这只羊的确是人,当这只羊被成虎放在众人面前时,成虎已经拿出了一把寒光闪闪的短刀,锋利的刀锋从羊后颈连接处没入进半寸,就听见“嗤嗤”声不停。
这只羊就像是漏了气的皮球一样,在众人眼前瘪了下去,并且从干瘪的羊皮中看出是一个人的轮廓。
当刀锋划开一条长口子后,里面的人就出现众人眼前时,在这一霎间,众人心跳都漏了一拍。这里面的竟然是女人!
一个赤裸裸的女人趴在羊皮上,一头乌黑稠密如绸缎的长发披散下来遮住了侧脸,光滑的脊背下方那性感的臀部,已经让男人们口干舌燥。
可是当看到她那双修长、笔直的腿和纤美、令人销魂的脚时,男人们呼吸急促心跳都快了一倍不止,小腹中有火焰燃烧,虽然还没有看到前面,可是现在已经可以肯定这是一个美女。
成虎离得最近,他看着美女的一切,嗅着美女身上淡淡的芬香已经忍不住的想要把美女翻过来。
玄逸凡忽然迈开绵软的腿离开了这里,来到浇花的水缸前拿着水缸里飘着的瓜瓢,舀起凉水,泼在自己热腾腾的脸上——这一切对他来说实在是太刺激了。
没人看他,成虎的手微微颤抖着的伸向大美人的躯体。
可是他的手还未触碰美女的躯体时,铺在地面上的羊皮忽然间活了,“哔啦”一下,羊皮卷住了美女的躯体,紧接着就立了起来,一个跳跃带着美女来到倪慧的张开的双臂中。
这神奇的操作让人惊谔,成虎不仅惊谔还尴尬。他尴尬的看见倪慧那双剪水秋瞳中充满了鄙夷,他只能陪着尴尬的笑。
笑着看见倪慧怀中的美女,笑容立刻消失,变得面无血色,喉结上下滚动用发白嘴唇颤声道:“是,是柳潇潇!”
飞鸽一听立刻跳了起来,他的脸色苍白如纸,声音沙哑的说道:“是从玄幽学府逃出的柳潇潇!”
“玄幽学府?!”众人叫道。
“玄幽学府”这四个字就像是神秘的咒语,每个人脸色都变得很难看。
“这玄幽学府究竟是什么学府?”玄逸凡心想。
许久,倪慧才说道:“这下我明白了。”
——明白了什么?
众人虽然没有说,目光已经在看着倪慧,在问她明白了什么?
倪慧道:“这两起案件都是他所为。”话音刚落,手指指向了郝严实。
郝严实脸色大变,刚想开口,却发现怎么也说不出话来,只能听倪慧说:“他使用迷魂铃让柳青青失魂后,再把失魂的柳潇潇缝入羊皮中像一只真的羊一样,这也就是钱员外为什么会买郝严实羊的原因。”

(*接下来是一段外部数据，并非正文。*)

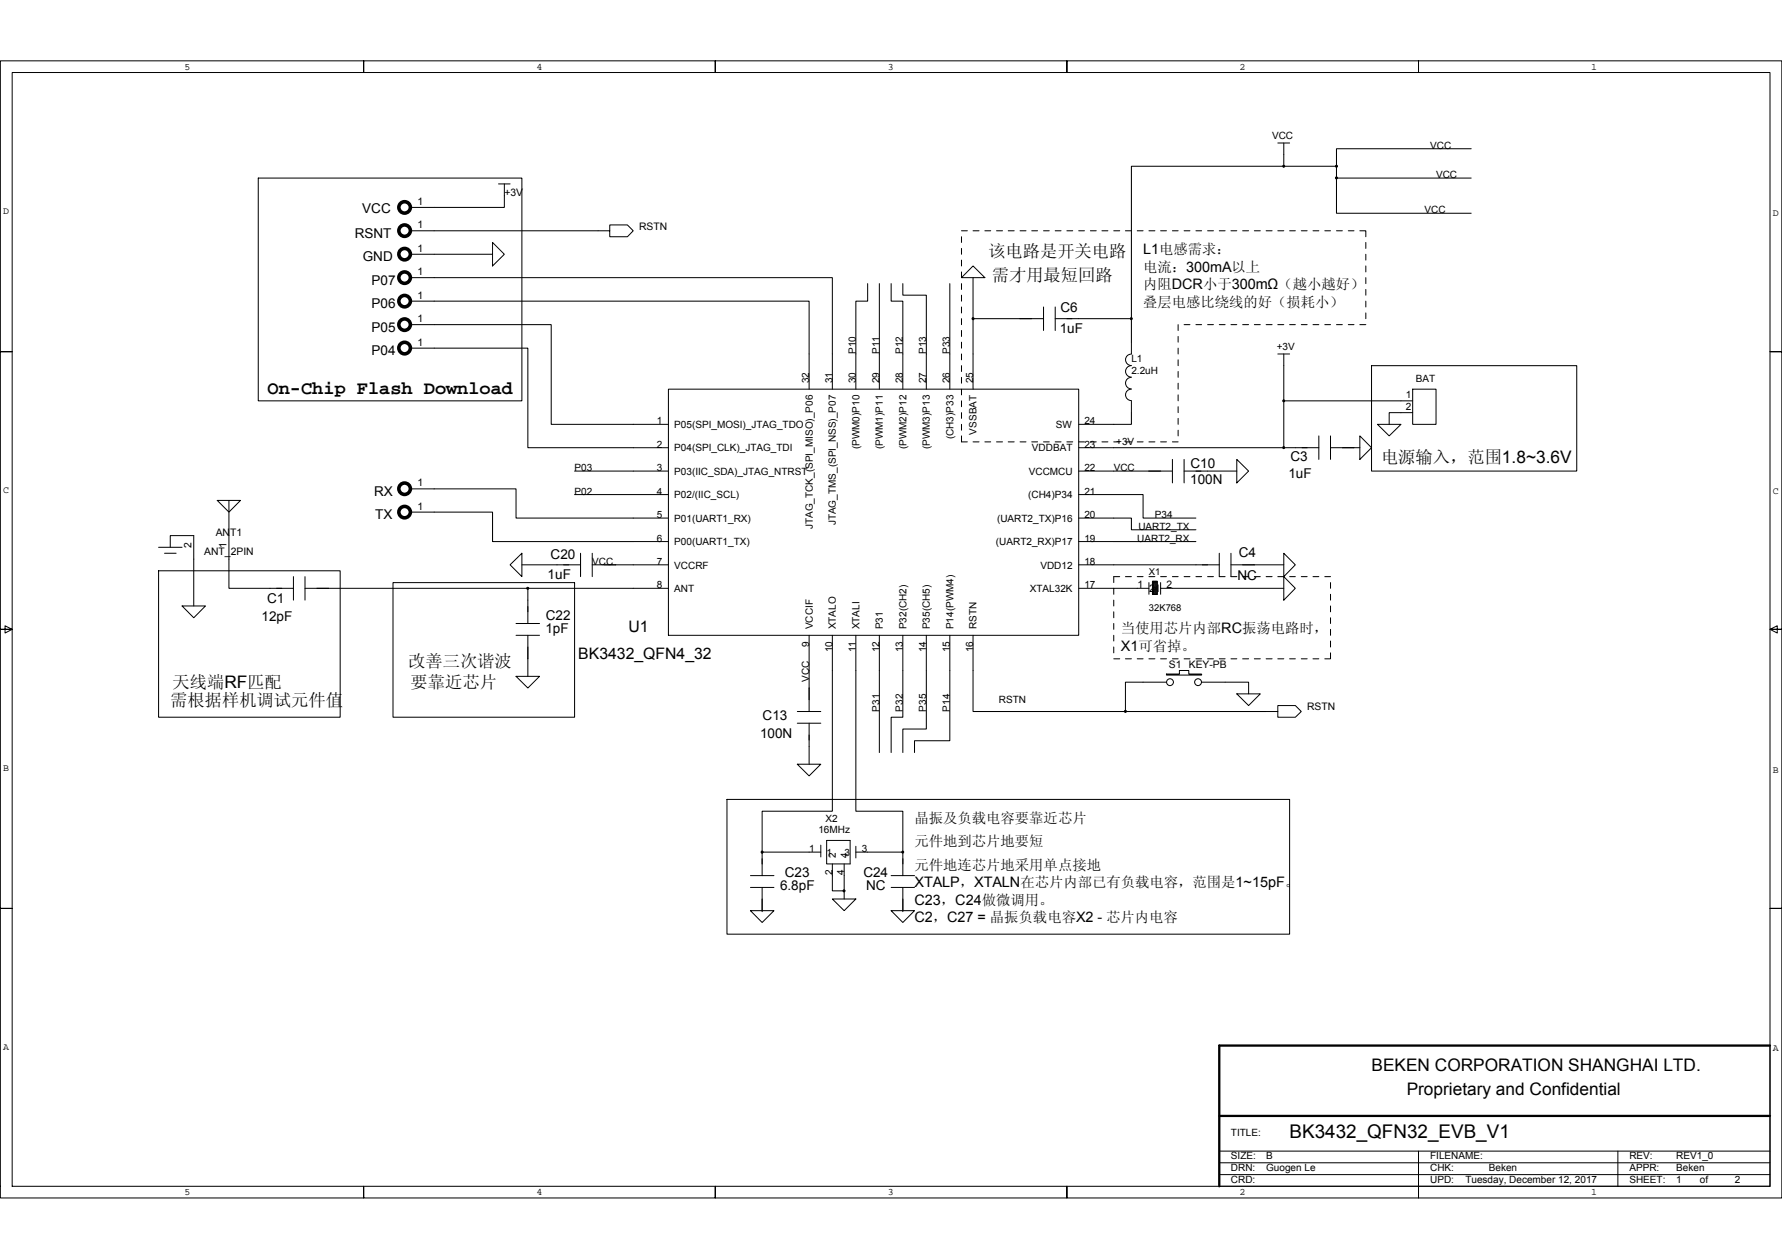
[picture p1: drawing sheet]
<svg xmlns="http://www.w3.org/2000/svg" width="297mm" height="210mm" viewBox="0 0 297 210" stroke-linecap="round" stroke-linejoin="round" font-family="sans-serif">
<g fill="none" stroke="#000" stroke-width=".17">
<path d="M.1 10.1h60.5v2v-2h58.6v2v-2h58.6v2v-2h58.6v2v-2h60.6v48.5h-2h2v46.3h-2l1.2-.6v1.2l-1.2-.6h2v46.5h-2h2v48.2h-60.6v-1.9v1.9h-58.6v-1.9v1.9h-58.6v-1.9v1.9h-58.6v-1.9v1.9h-60.5v-48.2h1.9h-1.9v-46.5h1.9l-1.2-.6v1.2l1.2-.6h-1.9v-46.3h1.9h-1.9zM2 12.1h293v185.6h-293zM43 29.7h44v37.1h-44zM68.4 38.5h33.2v-1h3l1 1-1 1h-3v-1M83.1 30.6h1.9M84.1 30.6v4h-15.7M160.3 39.5v.9M160.3 38.5h.9M162.2 38.5h1M164.2 38.5h.9M166.1 38.5h1M168.1 38.5h1"/>
<path d="M170 38.5h1M172 38.5h.9M173.9 38.5h1M175.9 38.5h1M177.8 38.5h1M179.8 38.5h1M181.8 38.5h.9M183.7 38.5h1M185.6 38.5h1M187.6 38.5h1M189.6 38.5h.9M191.5 38.5h1"/>
<path d="M193.5 38.5h.9M195.4 38.5h1M197.4 38.5h.9M199.3 38.5h1M201.3 38.5h1M203.2 38.5h1M205.2 38.5h1M207.1 38.5h1M209.1 38.5h1M211 38.5h1M213 23.8h2M213 38.5h1"/>
<path d="M214 27.7h8.8M214 27.7h-25.4v25.4M214 23.8v3.9M215 38.5h.9M216.9 38.5h1M218.9 38.5h.9M220.8 38.5h1M222.8 27.7v2M222.8 38.5h.9M224.7 38.5h1M226.7 38.5h1v1M245.2 29.7h-22.4v5.8h22.4"/>
<path d="M245.2 24.8h-22.4v2.9M68.4 54.1h23.5v16.6h19.5M68.4 50.2h66.5v14.7M68.4 46.3h70.3v18.6M68.4 58h19.6v16.6h23.4M82.1 42.4h-13.7M82.1 40.4l2 2-2 1.9zM144.6 47.3v2.9h-1.9v14.7M146.6 47.3v17.6M148.5 47.3v2.9h2v14.7M150.5 47.3v1.9h3.9v15.7M158.3 47.3v17.6"/>
<path d="M160.3 41.4v1M160.3 43.3v1M160.3 45.3v1M160.3 47.3v.9M160.3 49.2v1M160.3 51.2v1M160.3 53.1v1M160.3 55.1v1M160.3 57v1M160.3 59v1M162.2 46.3v18.6M162.2 44.3l2 2h-3.9z"/>
<path d="M173.9 53.1h-11.7M173.9 51.2v3.9M175.9 53.1h12.7v5.9M175.9 51.2v3.9M188.6 59a.96 .96 0 0 0-1 1 .96 .96 0 0 0 1 .9 .95 .95 0 0 0-1 1 .95 .95 0 0 0 1 .9M196.4 54.1v1M196.4 56.1v.9M196.4 58v1M196.4 60v.9M197.4 54.1h.9M199.3 54.1h1M201.3 54.1h1"/>
<path d="M203.2 54.1h1M205.2 54.1h1M207.1 54.1h1M209.1 54.1h1M211 54.1h1M213 59h2M213 54.1h1M214 59v7.8h21.5M215 54.1h.9M216.9 54.1h1M218.9 54.1h.9M220.8 54.1h1"/>
<path d="M222.8 54.1h.9M224.7 54.1h1M226.7 54.1h1M227.7 40.4v1M227.7 42.4v.9M227.7 44.3v1M227.7 46.3v1M227.7 48.2v1M227.7 50.2v1M227.7 52.2v.9M111.4 64.9h68.4v41h-68.4zM111.4 78.5h-15.6"/>
<path d="M160.3 60.9v1M160.3 62.9v1M160.3 64.9v.9M160.3 66.8v1M160.3 68.8v.9M160.3 70.7v1M160.3 72.6v1h.9M162.2 73.6h1M164.2 73.6h.9M166.1 73.6h1M168.1 73.6h1M170 73.6h1"/>
<path d="M172 73.6h.9M173.9 73.6h1M175.9 73.6h1M177.8 73.6h1M179.8 73.6h1M179.8 74.6h40M179.8 78.5h15.6M181.8 73.6h.9M183.7 73.6h1M185.6 73.6h1M187.6 73.6h1M188.6 64.9a.95 .95 0 0 0-1 .9 .95 .95 0 0 0 1 1"/>
<path d="M188.6 62.9a.96 .96 0 0 0-1 .9 .96 .96 0 0 0 1 1M188.6 66.8v3.9h-8.8M189.6 73.6h.9M191.5 73.6h1M193.5 73.6h.9M195.4 76.6v3.9M195.4 73.6h1M196.4 61.9v1M196.4 63.9v1M196.4 65.8v1M196.4 67.8v1M196.4 69.7v1"/>
<path d="M196.4 71.7v.9M197.4 78.5h8.8M197.4 76.6v3.9M206.2 76.6l1.9 1.9-1.9 2zM214 66.8v7.8M219.8 72.6v4M221.8 72.6v4M221.8 74.6h4.9M226.7 72.6l1.9 2-1.9 2zM228.6 60.9h34.2v17.6h-34.2zM229.6 70.7h3.9l-1.9 1.9zM235.5 68.8h-3.9v1.9"/>
<path d="M235.5 64.9h3.9v5.8h-3.9zM26.4 95.1h30.3v24.4h-30.3zM26.4 91.2h3.9M27.4 92.2h2M28.4 91.2v-1.9h3.9v11.7M36.2 83.4h3.9l-1.9 1.9zM38.2 83.4v14.6h10.7M48.9 96.1v3.9M50.8 96.1v3.9M65.5 97.1h30.3v22.4h-30.3zM68.4 81.5h17.6v4.8h25.4M68.4 85.3h13.7v5h29.3"/>
<path d="M85 94.1l2-1.9v3.9zM87 94.1h9.8M88 98v5.9M96.8 92.2v3.9M98.7 92.2v3.9M111.4 94.1h-12.7M111.4 82.4h-15.6M111.4 98h-60.6M179.8 98h11.7M179.8 86.3h8.8v2h10.7M179.8 82.4h10.7v3.9h8.8M179.8 94.1h23.4"/>
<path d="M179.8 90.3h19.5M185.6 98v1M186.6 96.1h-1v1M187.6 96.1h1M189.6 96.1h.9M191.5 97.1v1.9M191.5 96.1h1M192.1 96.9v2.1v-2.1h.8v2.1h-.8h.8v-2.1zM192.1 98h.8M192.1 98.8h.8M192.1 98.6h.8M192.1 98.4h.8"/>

倪慧继续说:“在昨天晚上,钱员外想要把半匹金蚕衣缝在身上,当然,对于钱员外这种缝制衣服的手法,他当然不会,他的打手更也不会了,于是他就想郝严实的羊。可是,他没有想到郝严实起了贪心,居然会控制柳潇潇来杀他。”
“那我们的金员外咋死的哩?”毛大牛插嘴问道。
倪慧笑了笑道:“这更容易了,当郝严实发现只有半匹金蚕衣时,他当然就想要另半匹,于是使用了美人计,像这样的美女金员外怎会不想去翻云覆雨一番呢?”
众人听后,忍不住点头,显然是认同倪慧的说法。
玄逸凡大声问道:“那么既然已经找到了犯人,我们就可以走了吧?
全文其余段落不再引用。